Plamen Kazakov

Personal information
- Full name: Plamen Iliev Kazakov
- Date of birth: 26 June 1962 (age 64)
- Place of birth: Provadia, Bulgaria
- Position: Attacking midfielder

Senior career*
- Years: Team / Apps / (Gls)
- 1979–1981: Spartak Varna / 3 / (0)
- 1981–1982: Cherno More / 27 / (2)
- 1982–1990: Spartak Varna / 222 / (54)
- 1990–1991: Paços de Ferreira / 17 / (3)
- 1991–1992: Spartak Varna / 30 / (10)
- 1992–1993: Shumen / 17 / (2)
- 1993–1994: Cherno More / 10 / (3)
- 1994–1995: Spartak Varna / 20 / (9)
- 1995–1996: Persebaya Surabaya /  / (14)

= Plamen Kazakov =

Bulgarian footballer

Plamen Kazakov (Пламен Казаков; born 26 June 1962) is a former Bulgarian footballer who played as an attacking midfielder and forward. He spent the majority of his career with Spartak Varna.

==Career==
Kazakov scored 73 league goals for Spartak Varna, 39 of which were scored in the first division and 34 in the second division. On 28 September 1983, he scored in a 1–0 home win over Turkish side Mersin in the first round of the 1983–84 European Cup Winners' Cup; Spartak advanced 1–0 on aggregate.

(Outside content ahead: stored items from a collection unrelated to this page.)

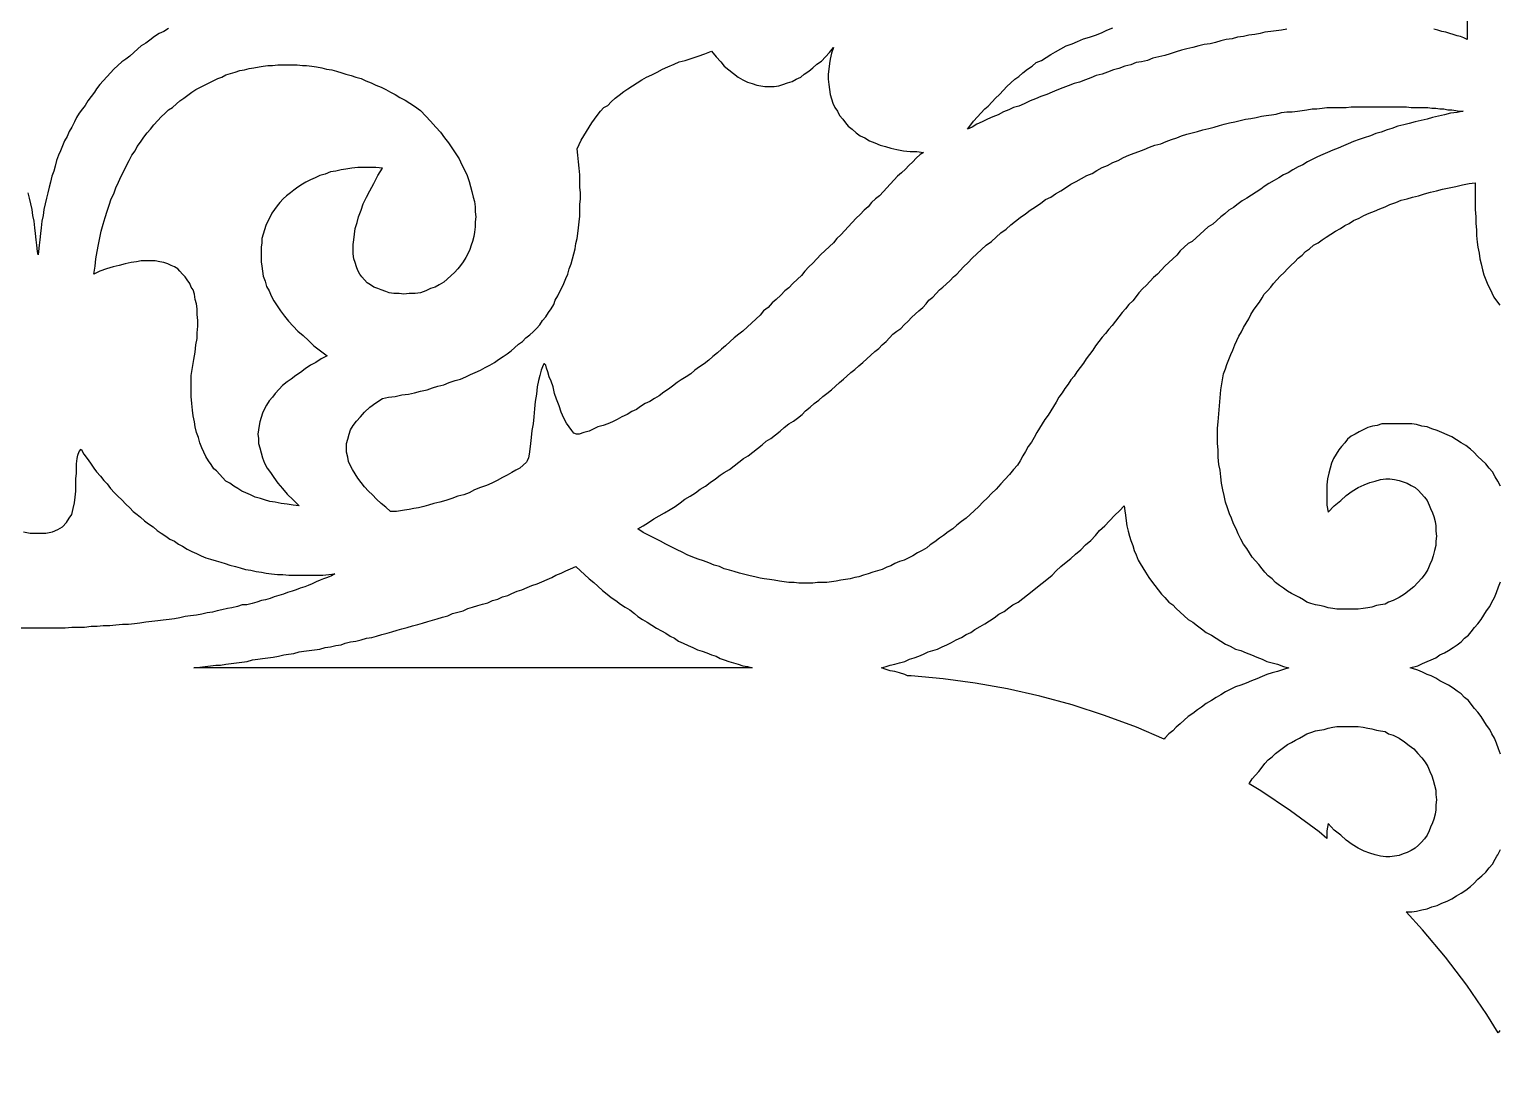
# Model space of a CAD drawing. Extents: x -372 to 372, y -358 to 358.
# Drawn here: x 161.3 to 236.9, y 206.2 to 260.7 of the extents above; entities that cross this region are included whole.
import ezdxf

# ---------------------------------------------------------------- set-up
doc = ezdxf.new("R2010")
doc.units = 0
doc.layers.add('LAYER_1', color=18, linetype='CONTINUOUS')

msp = doc.modelspace()

# ---------------------------------------------------------------- linework, layer by layer
at = {"layer": 'LAYER_1'}
msp.add_lwpolyline([(201.644, 357.491), (-372.5, 357.493), (-372.5, -357.507), (372.5, -357.507), (372.47, 192.482, 0.412235)], format="xyb", close=True, dxfattribs=at)
for points in [[(235.267, 262.367), (235.267, 260.168), (235.095, 260.243), (234.923, 260.317), (234.752, 260.355), (234.546, 260.429), (234.374, 260.466), (234.168, 260.541), (233.962, 260.578), (233.756, 260.653), (233.55, 260.69)], [(168.443, 260.727), (168.203, 260.578), (167.963, 260.466), (167.722, 260.317), (167.482, 260.131), (167.276, 259.982), (167.036, 259.833), (166.864, 259.684), (166.658, 259.498), (166.452, 259.311), (166.246, 259.162), (166.04, 259.013), (165.834, 258.827), (165.628, 258.641), (165.457, 258.454), (165.285, 258.268), (165.079, 258.044), (164.908, 257.858), (164.736, 257.634), (164.633, 257.448), (164.461, 257.225), (164.29, 257.001), (164.152, 256.777), (164.015, 256.591), (163.843, 256.368), (163.706, 256.144), (163.603, 255.92), (163.466, 255.66), (163.329, 255.436), (163.226, 255.175), (163.088, 254.952), (162.985, 254.691), (162.882, 254.43), (162.779, 254.206), (162.676, 253.945), (162.608, 253.647), (162.539, 253.386), (162.436, 253.126), (162.367, 252.828), (162.299, 252.567), (162.23, 252.269), (162.161, 252.008), (162.093, 251.71), (162.024, 251.412), (161.99, 251.113), (161.921, 250.815), (161.887, 250.48), (161.852, 250.182), (161.818, 249.847), (161.784, 249.586), (161.75, 249.25), (161.732, 249.083), (161.73, 249.094), (161.727, 249.083), (161.726, 249.089), (161.724, 249.083), (161.722, 249.094), (161.72, 249.083), (161.702, 249.25), (161.668, 249.586), (161.634, 249.847), (161.599, 250.182), (161.565, 250.48), (161.531, 250.815), (161.462, 251.113), (161.428, 251.412), (161.359, 251.71), (161.29, 252.008), (161.222, 252.269)], [(225.998, 260.69), (225.724, 260.653), (225.449, 260.616), (225.175, 260.578), (224.866, 260.541), (224.625, 260.466), (224.351, 260.429), (224.042, 260.392), (223.767, 260.317), (223.458, 260.28), (223.184, 260.206), (222.875, 260.168), (222.6, 260.094), (222.325, 260.019), (222.051, 259.945), (221.742, 259.908), (221.467, 259.833), (221.158, 259.758), (220.849, 259.684), (220.575, 259.609), (220.3, 259.535), (219.991, 259.423), (219.717, 259.349), (219.408, 259.274), (219.099, 259.2), (218.824, 259.088), (218.515, 259.013), (218.24, 258.976), (217.966, 258.864), (217.657, 258.79), (217.348, 258.678), (217.073, 258.603), (216.764, 258.492), (216.49, 258.38), (216.181, 258.305), (215.906, 258.193), (215.632, 258.082), (215.323, 257.97), (215.048, 257.895), (214.739, 257.784), (214.464, 257.672), (214.156, 257.56), (213.915, 257.448), (213.641, 257.336), (213.332, 257.225), (213.057, 257.113), (212.782, 257.001), (212.474, 256.852), (212.199, 256.74), (211.924, 256.666), (211.684, 256.554), (211.409, 256.442), (211.135, 256.293), (210.86, 256.181), (210.586, 256.069), (210.311, 255.92), (210.036, 255.809), (209.796, 255.66), (209.556, 255.548), (209.727, 255.771), (209.865, 255.958), (210.071, 256.181), (210.242, 256.368), (210.448, 256.591), (210.62, 256.74), (210.826, 256.964), (210.997, 257.15), (211.203, 257.336), (211.409, 257.56), (211.581, 257.746), (211.787, 257.933), (211.993, 258.119), (212.199, 258.268), (212.405, 258.454), (212.645, 258.641), (212.885, 258.79), (213.091, 258.976), (213.366, 259.088), (213.606, 259.237), (213.847, 259.386), (214.087, 259.535), (214.362, 259.684), (214.636, 259.833), (214.945, 259.945), (215.22, 260.057), (215.529, 260.206), (215.838, 260.28), (216.147, 260.392), (216.455, 260.504), (216.73, 260.653), (217.039, 260.765)], [(236.983, 237.177), (236.846, 237.438), (236.708, 237.661), (236.571, 237.922), (236.399, 238.109), (236.228, 238.332), (236.022, 238.519), (235.816, 238.705), (235.61, 238.928), (235.438, 239.077), (235.198, 239.264), (234.958, 239.413), (234.717, 239.562), (234.477, 239.711), (234.237, 239.823), (233.962, 239.935), (233.722, 240.046), (233.447, 240.121), (233.207, 240.233), (232.932, 240.27), (232.658, 240.344), (232.418, 240.382), (230.873, 240.382), (230.633, 240.307), (230.392, 240.27), (230.152, 240.195), (229.912, 240.084), (229.706, 239.972), (229.5, 239.86), (229.294, 239.748), (229.122, 239.599), (228.985, 239.413), (228.813, 239.227), (228.676, 239.04), (228.539, 238.817), (228.401, 238.593), (228.298, 238.369), (228.23, 238.109), (228.161, 237.848), (228.092, 237.55), (228.058, 237.252), (228.058, 236.916), (228.058, 236.581), (228.058, 236.208), (228.127, 235.836), (228.436, 236.171), (228.779, 236.432), (229.053, 236.693), (229.362, 236.916), (229.671, 237.103), (229.98, 237.252), (230.255, 237.363), (230.53, 237.438), (230.804, 237.512), (231.079, 237.55), (231.285, 237.55), (231.525, 237.512), (231.765, 237.475), (231.971, 237.401), (232.177, 237.326), (232.383, 237.214), (232.589, 237.103), (232.761, 236.953), (232.898, 236.804), (233.07, 236.618), (233.207, 236.432), (233.31, 236.208), (233.379, 236.022), (233.482, 235.798), (233.55, 235.612), (233.619, 235.351), (233.653, 235.128), (233.653, 234.867), (233.688, 234.606), (233.653, 234.345), (233.653, 234.121), (233.585, 233.861), (233.516, 233.6), (233.447, 233.376), (233.344, 233.153), (233.241, 232.892), (233.104, 232.668), (232.932, 232.445), (232.726, 232.221), (232.521, 231.998), (232.28, 231.811), (232.04, 231.625), (231.765, 231.439), (231.456, 231.29), (231.216, 231.215), (231.044, 231.103), (230.804, 231.066), (230.598, 231.029), (230.358, 230.954), (230.152, 230.917), (229.912, 230.88), (229.671, 230.842), (228.573, 230.842), (228.367, 230.88), (228.127, 230.917), (227.921, 230.991), (227.68, 231.029), (227.474, 231.066), (227.234, 231.14), (227.028, 231.215), (226.857, 231.327), (226.651, 231.439), (226.445, 231.55), (226.239, 231.662), (226.033, 231.774), (225.827, 231.923), (225.621, 232.072), (225.415, 232.221), (225.243, 232.407), (225.037, 232.556), (224.866, 232.743), (224.728, 232.929), (224.557, 233.153), (224.385, 233.339), (224.213, 233.525), (224.076, 233.749), (223.939, 233.972), (223.767, 234.196), (223.63, 234.457), (223.493, 234.718), (223.39, 234.979), (223.252, 235.239), (223.149, 235.537), (223.046, 235.761), (222.943, 236.059), (222.84, 236.357), (222.772, 236.693), (222.703, 236.991), (222.634, 237.326), (222.6, 237.661), (222.566, 237.997), (222.497, 238.295), (222.463, 238.668), (222.463, 239.04), (222.428, 239.376), (222.428, 239.785), (222.428, 240.158), (222.463, 240.493), (222.497, 240.903), (222.531, 241.313), (222.566, 241.723), (222.6, 242.133), (222.669, 242.543), (222.737, 242.953), (222.84, 243.214), (222.909, 243.437), (223.012, 243.698), (223.115, 243.959), (223.218, 244.183), (223.321, 244.443), (223.424, 244.667), (223.527, 244.891), (223.664, 245.114), (223.767, 245.338), (223.904, 245.561), (224.042, 245.785), (224.145, 246.008), (224.282, 246.232), (224.419, 246.418), (224.591, 246.642), (224.728, 246.865), (224.831, 247.052), (225.003, 247.238), (225.175, 247.424), (225.312, 247.611), (225.483, 247.797), (225.655, 247.983), (225.861, 248.17), (226.033, 248.356), (226.204, 248.542), (226.41, 248.729), (226.582, 248.915), (226.788, 249.064), (226.96, 249.25), (227.166, 249.399), (227.371, 249.586), (227.612, 249.697), (227.818, 249.847), (228.024, 249.996), (228.264, 250.145), (228.504, 250.294), (228.745, 250.443), (228.985, 250.592), (229.191, 250.704), (229.431, 250.853), (229.706, 250.964), (229.946, 251.113), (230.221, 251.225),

After ten seasons at Spartak, Kazakov joined Paços de Ferreira in 1990, where he scored 3 goals in 17 league matches. After leaving Portuguese club at the end of the 1990–91 season, he re-joined Spartak.

Kazakov spent one season at Shumen, before joining Cherno More Varna in 1993. The following season, he appeared for his first club Spartak. Kazakov retired from competitive football at the end of the 1995–96 season with Persebaya Surabaya, at the age of 34.

In 2018, he established his own children's academy in Varna.